_What to produce_
Where "picture" appears in a line of the entries below, that line should be copied.
[Start of Attachment]
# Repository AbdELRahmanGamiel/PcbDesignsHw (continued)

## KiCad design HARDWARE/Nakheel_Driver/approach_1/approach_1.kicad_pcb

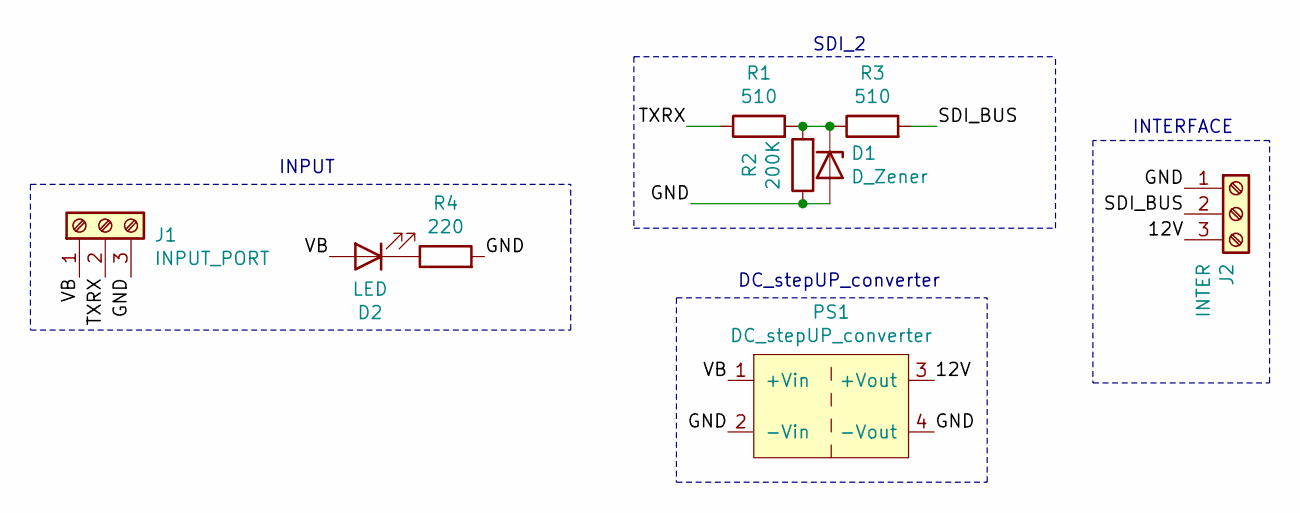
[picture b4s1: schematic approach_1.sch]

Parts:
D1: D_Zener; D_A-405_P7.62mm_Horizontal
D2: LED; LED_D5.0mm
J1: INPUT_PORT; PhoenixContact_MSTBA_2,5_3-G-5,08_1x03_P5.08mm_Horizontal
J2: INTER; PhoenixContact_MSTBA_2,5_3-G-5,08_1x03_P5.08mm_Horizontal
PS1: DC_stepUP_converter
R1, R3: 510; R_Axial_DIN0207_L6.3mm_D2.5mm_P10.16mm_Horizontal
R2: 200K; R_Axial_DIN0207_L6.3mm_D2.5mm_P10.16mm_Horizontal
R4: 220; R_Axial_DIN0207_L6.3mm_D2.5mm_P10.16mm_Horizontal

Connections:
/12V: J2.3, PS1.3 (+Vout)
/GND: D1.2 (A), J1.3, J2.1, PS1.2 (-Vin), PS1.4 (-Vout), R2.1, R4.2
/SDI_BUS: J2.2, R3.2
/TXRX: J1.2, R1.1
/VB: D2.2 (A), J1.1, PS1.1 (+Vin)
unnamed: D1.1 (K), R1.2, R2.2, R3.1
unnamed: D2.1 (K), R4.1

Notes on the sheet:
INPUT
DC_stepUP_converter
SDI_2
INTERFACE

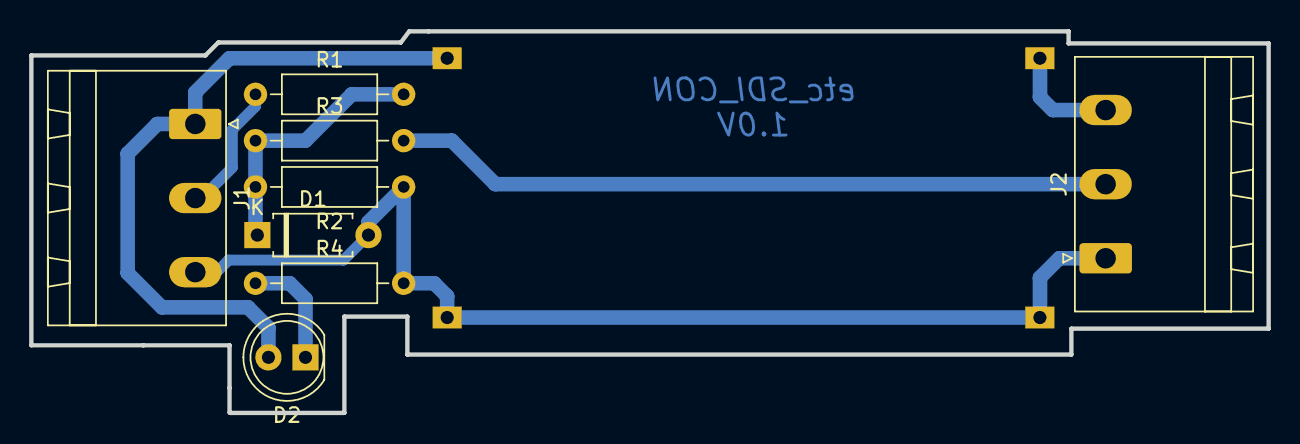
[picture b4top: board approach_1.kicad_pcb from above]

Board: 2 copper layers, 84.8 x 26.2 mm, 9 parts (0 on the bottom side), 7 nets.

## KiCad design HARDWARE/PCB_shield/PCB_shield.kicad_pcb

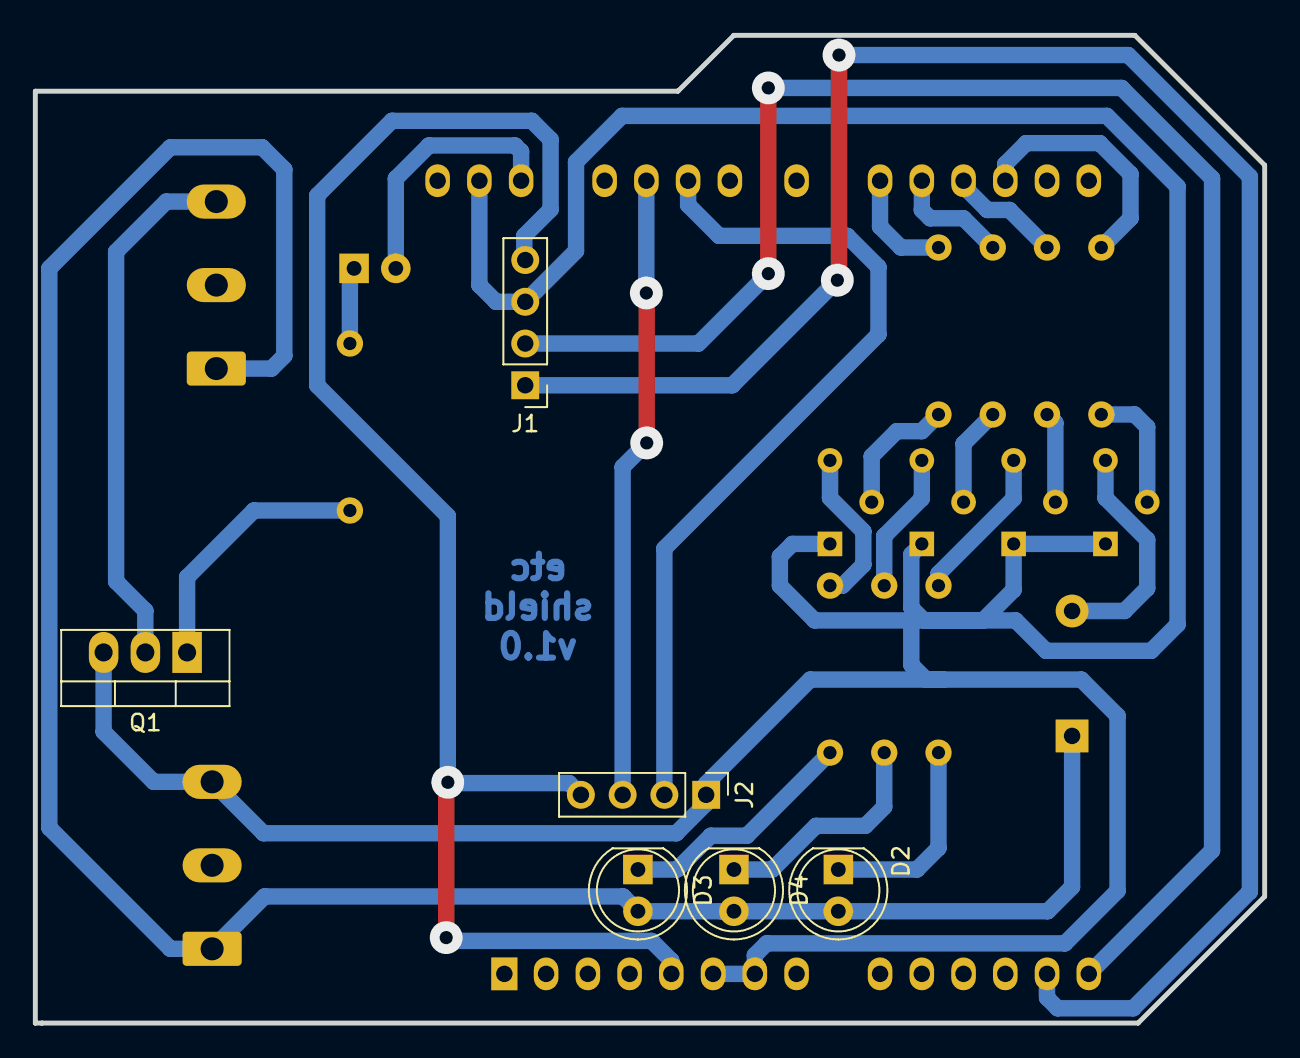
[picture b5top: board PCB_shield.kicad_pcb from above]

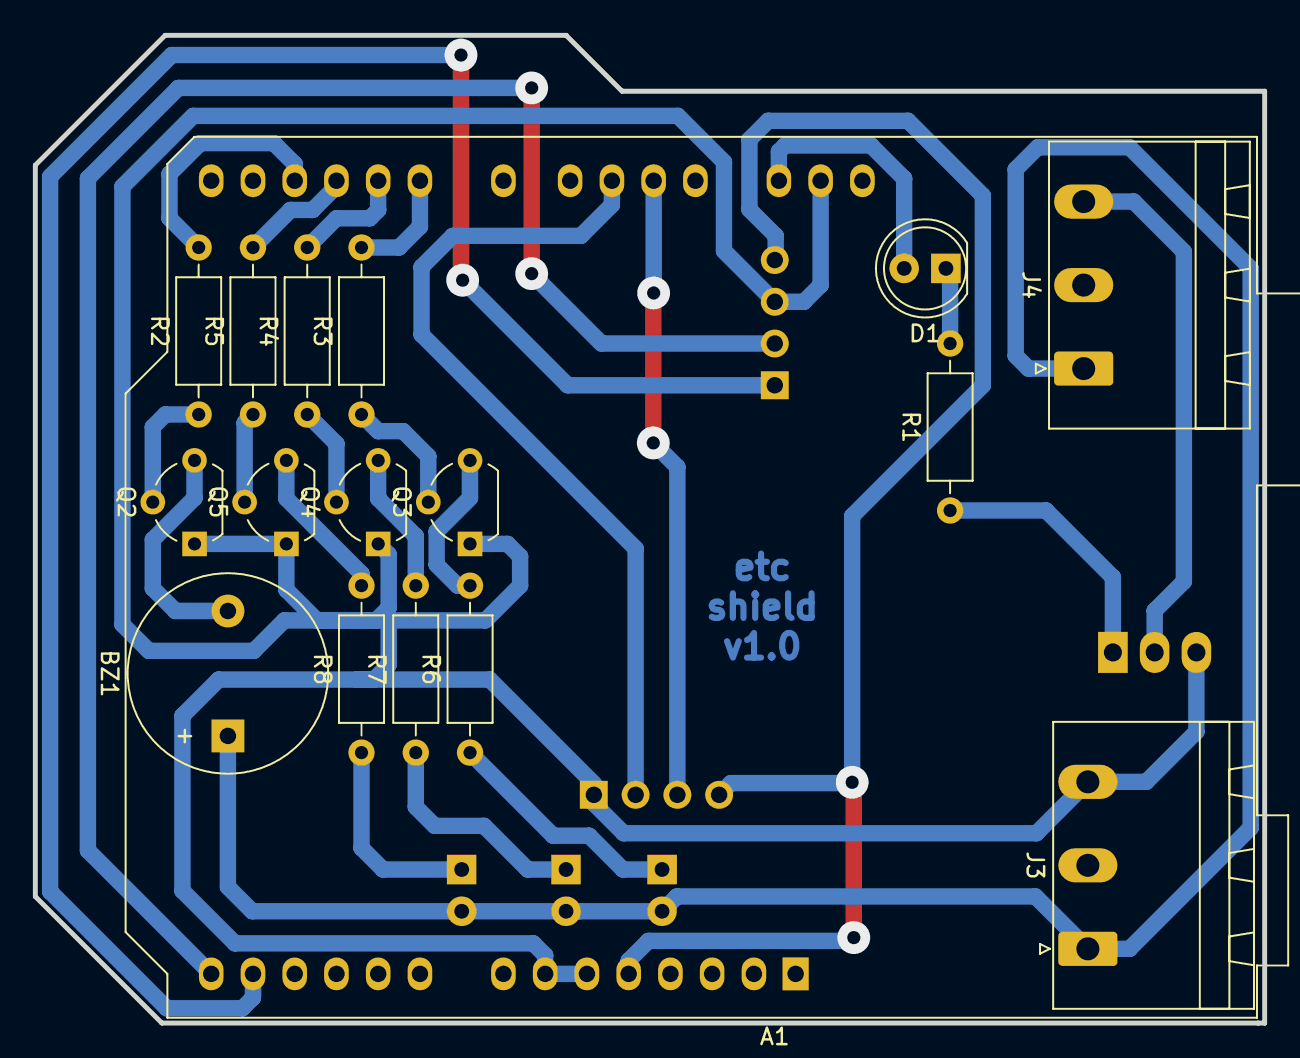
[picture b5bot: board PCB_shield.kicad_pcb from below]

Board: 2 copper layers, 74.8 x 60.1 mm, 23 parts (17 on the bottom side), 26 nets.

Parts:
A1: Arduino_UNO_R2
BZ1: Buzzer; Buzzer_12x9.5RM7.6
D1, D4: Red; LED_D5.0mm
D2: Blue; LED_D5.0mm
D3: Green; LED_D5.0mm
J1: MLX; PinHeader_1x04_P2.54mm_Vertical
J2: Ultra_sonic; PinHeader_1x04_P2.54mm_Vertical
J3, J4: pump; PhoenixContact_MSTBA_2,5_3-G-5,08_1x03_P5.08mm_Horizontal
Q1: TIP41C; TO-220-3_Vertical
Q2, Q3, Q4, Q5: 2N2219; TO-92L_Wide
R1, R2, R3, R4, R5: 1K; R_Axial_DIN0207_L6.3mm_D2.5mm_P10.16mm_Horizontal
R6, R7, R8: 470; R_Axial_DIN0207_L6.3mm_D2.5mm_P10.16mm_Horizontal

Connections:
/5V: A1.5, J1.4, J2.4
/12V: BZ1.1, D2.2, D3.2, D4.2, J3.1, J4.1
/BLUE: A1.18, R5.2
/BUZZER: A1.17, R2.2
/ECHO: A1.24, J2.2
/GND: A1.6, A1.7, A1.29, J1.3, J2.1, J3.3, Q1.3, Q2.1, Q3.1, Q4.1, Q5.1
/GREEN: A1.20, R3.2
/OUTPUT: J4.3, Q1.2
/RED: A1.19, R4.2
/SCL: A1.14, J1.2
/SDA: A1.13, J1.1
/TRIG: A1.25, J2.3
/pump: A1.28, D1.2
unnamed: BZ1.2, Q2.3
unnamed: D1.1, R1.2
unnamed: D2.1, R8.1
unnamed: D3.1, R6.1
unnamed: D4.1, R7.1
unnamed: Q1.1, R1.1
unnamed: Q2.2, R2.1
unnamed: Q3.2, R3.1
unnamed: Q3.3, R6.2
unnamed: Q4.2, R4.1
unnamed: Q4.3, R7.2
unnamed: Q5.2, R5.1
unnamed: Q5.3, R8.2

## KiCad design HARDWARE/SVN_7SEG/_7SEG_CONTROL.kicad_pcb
[End of Attachment]
_Solution below_
[picture b4s1: schematic approach_1.sch]
[picture b4top: board approach_1.kicad_pcb from above]
[picture b5top: board PCB_shield.kicad_pcb from above]
[picture b5bot: board PCB_shield.kicad_pcb from below]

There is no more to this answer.